▸ WHAT THE TASK REQUIRES
Go through the data below and gather each line containing "True".

▸ SOURCE RECORDS
__________

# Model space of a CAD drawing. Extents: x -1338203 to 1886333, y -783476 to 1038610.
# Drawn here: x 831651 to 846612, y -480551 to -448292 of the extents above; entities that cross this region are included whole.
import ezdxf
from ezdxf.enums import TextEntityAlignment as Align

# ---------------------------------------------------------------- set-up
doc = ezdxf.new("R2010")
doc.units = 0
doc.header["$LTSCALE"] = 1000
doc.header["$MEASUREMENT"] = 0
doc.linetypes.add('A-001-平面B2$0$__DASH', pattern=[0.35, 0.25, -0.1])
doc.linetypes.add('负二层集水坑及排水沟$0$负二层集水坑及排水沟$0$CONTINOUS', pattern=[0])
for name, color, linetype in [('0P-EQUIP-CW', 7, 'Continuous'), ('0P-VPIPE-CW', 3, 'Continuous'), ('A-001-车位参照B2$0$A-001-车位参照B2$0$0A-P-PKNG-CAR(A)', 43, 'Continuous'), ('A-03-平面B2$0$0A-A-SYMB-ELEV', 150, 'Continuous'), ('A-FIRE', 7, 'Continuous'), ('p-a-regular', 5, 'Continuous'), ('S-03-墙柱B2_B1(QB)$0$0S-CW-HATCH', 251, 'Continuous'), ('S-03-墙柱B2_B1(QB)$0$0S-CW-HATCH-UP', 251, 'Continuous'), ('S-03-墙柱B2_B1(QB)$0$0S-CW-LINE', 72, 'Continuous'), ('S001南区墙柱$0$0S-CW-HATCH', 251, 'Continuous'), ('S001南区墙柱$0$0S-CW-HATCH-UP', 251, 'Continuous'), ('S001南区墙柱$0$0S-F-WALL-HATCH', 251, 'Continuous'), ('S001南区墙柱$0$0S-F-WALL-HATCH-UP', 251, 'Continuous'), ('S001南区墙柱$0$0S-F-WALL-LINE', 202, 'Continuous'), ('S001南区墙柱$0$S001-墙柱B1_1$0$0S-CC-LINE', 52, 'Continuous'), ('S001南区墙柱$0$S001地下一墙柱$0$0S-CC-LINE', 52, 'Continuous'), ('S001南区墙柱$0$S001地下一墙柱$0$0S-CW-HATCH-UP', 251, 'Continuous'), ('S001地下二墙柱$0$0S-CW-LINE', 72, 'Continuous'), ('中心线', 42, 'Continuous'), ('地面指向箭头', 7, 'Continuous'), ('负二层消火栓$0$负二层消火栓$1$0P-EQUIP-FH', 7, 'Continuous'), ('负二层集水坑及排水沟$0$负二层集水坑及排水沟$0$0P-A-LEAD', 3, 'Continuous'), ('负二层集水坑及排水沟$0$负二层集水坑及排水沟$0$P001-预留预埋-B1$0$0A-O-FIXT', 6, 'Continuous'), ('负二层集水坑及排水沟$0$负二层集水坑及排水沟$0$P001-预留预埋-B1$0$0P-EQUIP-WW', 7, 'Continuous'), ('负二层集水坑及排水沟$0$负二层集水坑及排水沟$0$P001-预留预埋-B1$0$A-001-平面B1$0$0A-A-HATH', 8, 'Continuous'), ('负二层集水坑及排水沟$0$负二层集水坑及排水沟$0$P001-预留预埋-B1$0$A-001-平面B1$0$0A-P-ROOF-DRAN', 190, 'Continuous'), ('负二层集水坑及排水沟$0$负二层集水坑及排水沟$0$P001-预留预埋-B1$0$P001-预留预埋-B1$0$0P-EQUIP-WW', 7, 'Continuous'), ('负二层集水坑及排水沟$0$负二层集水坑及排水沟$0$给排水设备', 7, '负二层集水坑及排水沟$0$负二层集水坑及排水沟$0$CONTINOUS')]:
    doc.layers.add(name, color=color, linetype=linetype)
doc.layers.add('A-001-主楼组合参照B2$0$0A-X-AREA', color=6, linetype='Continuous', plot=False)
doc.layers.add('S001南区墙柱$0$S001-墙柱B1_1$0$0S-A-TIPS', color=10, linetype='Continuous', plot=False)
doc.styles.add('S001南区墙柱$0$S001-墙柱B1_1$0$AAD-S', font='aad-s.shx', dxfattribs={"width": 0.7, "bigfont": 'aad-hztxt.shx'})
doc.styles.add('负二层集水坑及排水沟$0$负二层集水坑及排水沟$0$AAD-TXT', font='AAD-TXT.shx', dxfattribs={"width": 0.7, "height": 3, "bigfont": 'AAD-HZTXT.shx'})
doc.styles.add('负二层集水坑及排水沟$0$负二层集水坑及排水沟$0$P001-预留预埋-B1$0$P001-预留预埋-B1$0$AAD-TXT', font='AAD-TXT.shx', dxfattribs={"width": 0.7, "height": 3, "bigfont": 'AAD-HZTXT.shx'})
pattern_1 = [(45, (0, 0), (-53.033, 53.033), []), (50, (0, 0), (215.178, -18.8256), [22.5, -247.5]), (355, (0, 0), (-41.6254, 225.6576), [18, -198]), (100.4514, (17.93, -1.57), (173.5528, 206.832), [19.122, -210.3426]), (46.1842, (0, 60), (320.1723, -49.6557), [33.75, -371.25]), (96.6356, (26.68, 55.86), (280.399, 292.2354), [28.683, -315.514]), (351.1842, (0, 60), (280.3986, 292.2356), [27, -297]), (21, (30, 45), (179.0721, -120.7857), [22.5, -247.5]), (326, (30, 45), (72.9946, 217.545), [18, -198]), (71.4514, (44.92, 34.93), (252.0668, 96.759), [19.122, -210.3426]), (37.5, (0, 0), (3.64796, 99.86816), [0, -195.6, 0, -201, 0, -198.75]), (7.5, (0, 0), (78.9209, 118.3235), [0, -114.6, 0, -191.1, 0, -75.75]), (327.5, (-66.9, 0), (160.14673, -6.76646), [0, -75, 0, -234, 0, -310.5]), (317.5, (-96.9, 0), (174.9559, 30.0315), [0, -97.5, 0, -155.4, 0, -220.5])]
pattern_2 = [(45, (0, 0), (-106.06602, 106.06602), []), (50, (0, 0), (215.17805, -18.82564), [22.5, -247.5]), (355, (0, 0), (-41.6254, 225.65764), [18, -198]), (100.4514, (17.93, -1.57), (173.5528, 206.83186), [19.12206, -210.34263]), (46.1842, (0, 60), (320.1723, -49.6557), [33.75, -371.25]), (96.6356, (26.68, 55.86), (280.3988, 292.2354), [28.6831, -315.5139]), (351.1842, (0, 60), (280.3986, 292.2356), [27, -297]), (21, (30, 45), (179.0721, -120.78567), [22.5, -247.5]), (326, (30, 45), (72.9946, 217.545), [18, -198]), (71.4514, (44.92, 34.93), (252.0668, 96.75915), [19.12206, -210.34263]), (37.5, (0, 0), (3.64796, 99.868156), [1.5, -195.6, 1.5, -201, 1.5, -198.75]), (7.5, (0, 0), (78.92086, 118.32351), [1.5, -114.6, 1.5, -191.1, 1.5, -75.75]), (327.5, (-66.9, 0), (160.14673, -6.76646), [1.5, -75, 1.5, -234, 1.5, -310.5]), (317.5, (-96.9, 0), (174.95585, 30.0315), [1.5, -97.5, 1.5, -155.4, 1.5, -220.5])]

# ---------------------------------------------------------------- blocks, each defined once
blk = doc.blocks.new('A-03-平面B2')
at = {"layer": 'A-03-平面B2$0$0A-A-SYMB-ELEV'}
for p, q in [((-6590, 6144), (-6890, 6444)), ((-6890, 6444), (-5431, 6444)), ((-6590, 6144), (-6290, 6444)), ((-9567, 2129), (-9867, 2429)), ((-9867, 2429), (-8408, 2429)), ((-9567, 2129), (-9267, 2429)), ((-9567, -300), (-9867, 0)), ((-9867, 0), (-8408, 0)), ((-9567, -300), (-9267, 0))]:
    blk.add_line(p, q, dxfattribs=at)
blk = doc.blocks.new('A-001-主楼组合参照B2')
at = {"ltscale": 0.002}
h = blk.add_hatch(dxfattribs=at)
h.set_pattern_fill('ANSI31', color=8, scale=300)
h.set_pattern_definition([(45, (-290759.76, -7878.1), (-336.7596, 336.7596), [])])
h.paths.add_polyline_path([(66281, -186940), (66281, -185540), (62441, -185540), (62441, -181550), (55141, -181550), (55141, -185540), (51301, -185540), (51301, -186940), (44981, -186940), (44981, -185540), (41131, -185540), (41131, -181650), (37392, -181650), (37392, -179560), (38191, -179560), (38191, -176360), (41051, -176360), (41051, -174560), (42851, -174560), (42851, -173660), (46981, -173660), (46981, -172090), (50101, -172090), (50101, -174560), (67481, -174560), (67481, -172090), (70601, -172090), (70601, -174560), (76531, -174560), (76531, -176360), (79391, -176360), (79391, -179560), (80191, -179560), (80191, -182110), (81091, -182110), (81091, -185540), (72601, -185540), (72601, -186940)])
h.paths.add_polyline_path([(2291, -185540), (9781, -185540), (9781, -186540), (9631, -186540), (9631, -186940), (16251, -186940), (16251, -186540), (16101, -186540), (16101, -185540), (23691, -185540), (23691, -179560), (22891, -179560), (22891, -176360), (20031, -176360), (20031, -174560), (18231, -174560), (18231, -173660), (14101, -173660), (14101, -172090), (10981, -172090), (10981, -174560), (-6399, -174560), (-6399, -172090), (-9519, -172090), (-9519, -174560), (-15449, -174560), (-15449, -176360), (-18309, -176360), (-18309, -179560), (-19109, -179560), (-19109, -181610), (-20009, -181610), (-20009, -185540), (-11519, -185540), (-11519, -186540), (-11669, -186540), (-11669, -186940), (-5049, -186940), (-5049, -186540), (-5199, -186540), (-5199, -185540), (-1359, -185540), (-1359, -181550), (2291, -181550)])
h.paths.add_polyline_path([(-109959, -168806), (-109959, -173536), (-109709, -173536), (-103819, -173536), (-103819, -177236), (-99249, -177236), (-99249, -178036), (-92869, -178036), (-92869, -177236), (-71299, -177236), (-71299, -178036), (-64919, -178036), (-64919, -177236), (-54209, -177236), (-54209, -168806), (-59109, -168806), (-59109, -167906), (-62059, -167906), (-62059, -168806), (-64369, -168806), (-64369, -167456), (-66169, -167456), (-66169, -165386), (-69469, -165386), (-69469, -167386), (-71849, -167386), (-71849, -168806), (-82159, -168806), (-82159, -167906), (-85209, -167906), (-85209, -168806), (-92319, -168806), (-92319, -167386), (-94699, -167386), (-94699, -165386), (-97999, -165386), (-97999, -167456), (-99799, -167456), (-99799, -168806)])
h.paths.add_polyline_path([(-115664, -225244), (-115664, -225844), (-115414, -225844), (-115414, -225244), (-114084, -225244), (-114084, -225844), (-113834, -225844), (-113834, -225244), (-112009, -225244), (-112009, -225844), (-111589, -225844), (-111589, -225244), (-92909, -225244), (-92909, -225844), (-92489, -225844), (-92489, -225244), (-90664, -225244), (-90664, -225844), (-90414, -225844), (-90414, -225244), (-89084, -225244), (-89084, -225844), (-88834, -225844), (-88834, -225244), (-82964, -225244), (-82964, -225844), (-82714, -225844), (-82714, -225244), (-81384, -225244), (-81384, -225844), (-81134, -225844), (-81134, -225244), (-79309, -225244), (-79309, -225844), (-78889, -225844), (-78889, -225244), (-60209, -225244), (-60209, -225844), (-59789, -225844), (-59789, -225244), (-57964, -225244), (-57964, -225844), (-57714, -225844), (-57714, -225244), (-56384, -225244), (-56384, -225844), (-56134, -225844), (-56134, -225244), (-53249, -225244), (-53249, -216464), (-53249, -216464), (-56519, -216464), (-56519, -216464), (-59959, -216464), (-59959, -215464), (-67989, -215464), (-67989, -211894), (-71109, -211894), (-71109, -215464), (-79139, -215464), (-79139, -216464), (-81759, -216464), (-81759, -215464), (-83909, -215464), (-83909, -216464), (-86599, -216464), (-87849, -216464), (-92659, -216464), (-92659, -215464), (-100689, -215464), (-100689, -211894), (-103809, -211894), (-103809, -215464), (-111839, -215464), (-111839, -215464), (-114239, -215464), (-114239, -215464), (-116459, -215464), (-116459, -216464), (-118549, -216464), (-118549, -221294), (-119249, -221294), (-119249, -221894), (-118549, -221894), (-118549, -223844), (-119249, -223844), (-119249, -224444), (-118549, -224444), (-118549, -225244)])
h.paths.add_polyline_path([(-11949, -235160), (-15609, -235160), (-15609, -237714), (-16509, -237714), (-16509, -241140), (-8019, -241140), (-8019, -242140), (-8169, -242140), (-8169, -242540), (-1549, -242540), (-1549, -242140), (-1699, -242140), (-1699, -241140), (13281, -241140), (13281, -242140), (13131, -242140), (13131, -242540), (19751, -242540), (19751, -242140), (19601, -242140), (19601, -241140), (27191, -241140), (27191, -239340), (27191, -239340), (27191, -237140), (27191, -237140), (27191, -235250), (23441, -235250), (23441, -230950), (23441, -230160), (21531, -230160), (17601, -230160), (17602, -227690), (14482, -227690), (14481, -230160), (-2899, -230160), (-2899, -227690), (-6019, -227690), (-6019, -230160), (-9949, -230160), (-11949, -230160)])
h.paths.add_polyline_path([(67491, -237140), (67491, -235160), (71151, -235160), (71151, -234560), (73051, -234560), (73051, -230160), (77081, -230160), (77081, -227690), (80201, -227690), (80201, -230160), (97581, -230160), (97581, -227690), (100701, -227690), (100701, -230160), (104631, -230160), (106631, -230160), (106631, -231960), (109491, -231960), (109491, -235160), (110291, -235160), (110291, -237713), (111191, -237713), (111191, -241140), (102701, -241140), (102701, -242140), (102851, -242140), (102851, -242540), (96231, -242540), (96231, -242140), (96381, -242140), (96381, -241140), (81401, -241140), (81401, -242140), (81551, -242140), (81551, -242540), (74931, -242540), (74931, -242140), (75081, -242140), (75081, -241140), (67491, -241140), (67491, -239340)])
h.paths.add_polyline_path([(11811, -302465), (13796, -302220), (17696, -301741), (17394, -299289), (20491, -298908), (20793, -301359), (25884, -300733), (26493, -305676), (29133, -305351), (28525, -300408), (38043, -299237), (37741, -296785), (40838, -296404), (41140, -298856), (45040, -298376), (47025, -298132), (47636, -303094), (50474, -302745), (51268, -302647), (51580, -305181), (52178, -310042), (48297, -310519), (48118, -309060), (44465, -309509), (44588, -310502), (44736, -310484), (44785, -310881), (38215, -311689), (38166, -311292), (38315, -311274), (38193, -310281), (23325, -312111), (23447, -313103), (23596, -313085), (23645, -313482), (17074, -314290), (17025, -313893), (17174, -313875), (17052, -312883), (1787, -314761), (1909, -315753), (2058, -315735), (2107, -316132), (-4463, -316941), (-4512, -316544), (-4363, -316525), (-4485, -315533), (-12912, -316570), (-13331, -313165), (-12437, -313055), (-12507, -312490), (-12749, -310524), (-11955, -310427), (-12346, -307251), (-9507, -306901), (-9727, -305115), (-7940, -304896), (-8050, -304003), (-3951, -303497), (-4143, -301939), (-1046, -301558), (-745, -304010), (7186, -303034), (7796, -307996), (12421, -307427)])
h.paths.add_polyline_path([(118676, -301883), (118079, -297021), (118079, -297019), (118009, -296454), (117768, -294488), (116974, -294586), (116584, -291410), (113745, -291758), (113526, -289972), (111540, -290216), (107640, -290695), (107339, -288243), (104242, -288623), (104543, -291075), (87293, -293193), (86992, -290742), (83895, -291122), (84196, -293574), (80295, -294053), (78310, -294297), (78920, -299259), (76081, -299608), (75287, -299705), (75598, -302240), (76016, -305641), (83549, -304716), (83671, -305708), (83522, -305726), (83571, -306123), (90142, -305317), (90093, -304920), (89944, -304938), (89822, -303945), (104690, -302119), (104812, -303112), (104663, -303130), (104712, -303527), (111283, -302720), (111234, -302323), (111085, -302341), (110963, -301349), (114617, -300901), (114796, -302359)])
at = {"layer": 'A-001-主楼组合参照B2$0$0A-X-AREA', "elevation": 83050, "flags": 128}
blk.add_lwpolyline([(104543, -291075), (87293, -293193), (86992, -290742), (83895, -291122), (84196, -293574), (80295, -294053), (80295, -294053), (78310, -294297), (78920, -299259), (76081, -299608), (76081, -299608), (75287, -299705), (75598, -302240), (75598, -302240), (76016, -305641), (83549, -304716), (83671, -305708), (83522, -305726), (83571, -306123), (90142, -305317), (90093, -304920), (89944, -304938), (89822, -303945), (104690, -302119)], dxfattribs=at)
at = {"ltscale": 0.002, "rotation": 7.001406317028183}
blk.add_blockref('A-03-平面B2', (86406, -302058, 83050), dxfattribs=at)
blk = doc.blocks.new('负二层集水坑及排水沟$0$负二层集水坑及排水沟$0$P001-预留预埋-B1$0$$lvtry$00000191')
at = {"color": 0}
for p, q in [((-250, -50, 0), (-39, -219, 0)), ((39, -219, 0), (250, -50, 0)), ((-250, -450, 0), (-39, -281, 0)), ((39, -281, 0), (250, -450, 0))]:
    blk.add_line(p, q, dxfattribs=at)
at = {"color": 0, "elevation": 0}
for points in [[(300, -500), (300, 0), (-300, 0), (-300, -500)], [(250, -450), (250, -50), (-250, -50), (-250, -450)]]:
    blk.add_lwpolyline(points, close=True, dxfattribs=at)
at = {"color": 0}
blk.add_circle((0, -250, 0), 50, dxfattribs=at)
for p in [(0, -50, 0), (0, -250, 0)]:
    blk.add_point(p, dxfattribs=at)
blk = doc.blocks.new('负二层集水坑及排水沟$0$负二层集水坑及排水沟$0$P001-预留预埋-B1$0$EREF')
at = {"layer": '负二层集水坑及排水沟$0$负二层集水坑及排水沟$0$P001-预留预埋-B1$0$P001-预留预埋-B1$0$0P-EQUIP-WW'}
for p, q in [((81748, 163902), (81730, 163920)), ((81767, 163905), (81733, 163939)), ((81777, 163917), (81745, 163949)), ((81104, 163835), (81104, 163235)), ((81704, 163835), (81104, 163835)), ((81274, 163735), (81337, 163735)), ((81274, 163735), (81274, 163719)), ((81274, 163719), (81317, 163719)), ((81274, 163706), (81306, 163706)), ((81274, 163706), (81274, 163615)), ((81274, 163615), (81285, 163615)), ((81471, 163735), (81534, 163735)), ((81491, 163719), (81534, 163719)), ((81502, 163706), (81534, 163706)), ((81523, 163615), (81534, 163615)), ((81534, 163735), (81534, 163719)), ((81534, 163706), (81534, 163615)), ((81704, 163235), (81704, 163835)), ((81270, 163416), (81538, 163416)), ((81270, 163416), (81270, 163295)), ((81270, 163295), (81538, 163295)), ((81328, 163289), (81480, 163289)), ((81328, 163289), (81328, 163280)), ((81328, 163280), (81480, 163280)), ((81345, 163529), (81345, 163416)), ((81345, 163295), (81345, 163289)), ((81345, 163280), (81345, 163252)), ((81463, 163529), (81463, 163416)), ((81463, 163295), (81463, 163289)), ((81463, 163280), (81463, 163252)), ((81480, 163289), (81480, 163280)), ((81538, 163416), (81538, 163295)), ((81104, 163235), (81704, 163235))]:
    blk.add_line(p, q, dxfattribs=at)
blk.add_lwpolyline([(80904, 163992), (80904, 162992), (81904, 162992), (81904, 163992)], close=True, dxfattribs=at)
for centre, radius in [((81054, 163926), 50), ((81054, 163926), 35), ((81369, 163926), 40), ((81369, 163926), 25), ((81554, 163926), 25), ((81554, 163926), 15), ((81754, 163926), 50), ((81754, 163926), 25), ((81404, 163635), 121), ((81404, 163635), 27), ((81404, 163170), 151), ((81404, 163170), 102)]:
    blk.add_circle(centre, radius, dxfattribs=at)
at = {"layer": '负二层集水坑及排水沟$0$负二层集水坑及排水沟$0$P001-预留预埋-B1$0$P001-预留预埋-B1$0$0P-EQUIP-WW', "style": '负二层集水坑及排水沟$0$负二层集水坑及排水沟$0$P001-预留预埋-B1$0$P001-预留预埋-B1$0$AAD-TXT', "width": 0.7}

__________

▸ EXERCISE OUTPUT
    blk.add_lwpolyline(points, close=True, dxfattribs=at)
blk.add_lwpolyline([(80904, 163992), (80904, 162992), (81904, 162992), (81904, 163992)], close=True, dxfattribs=at)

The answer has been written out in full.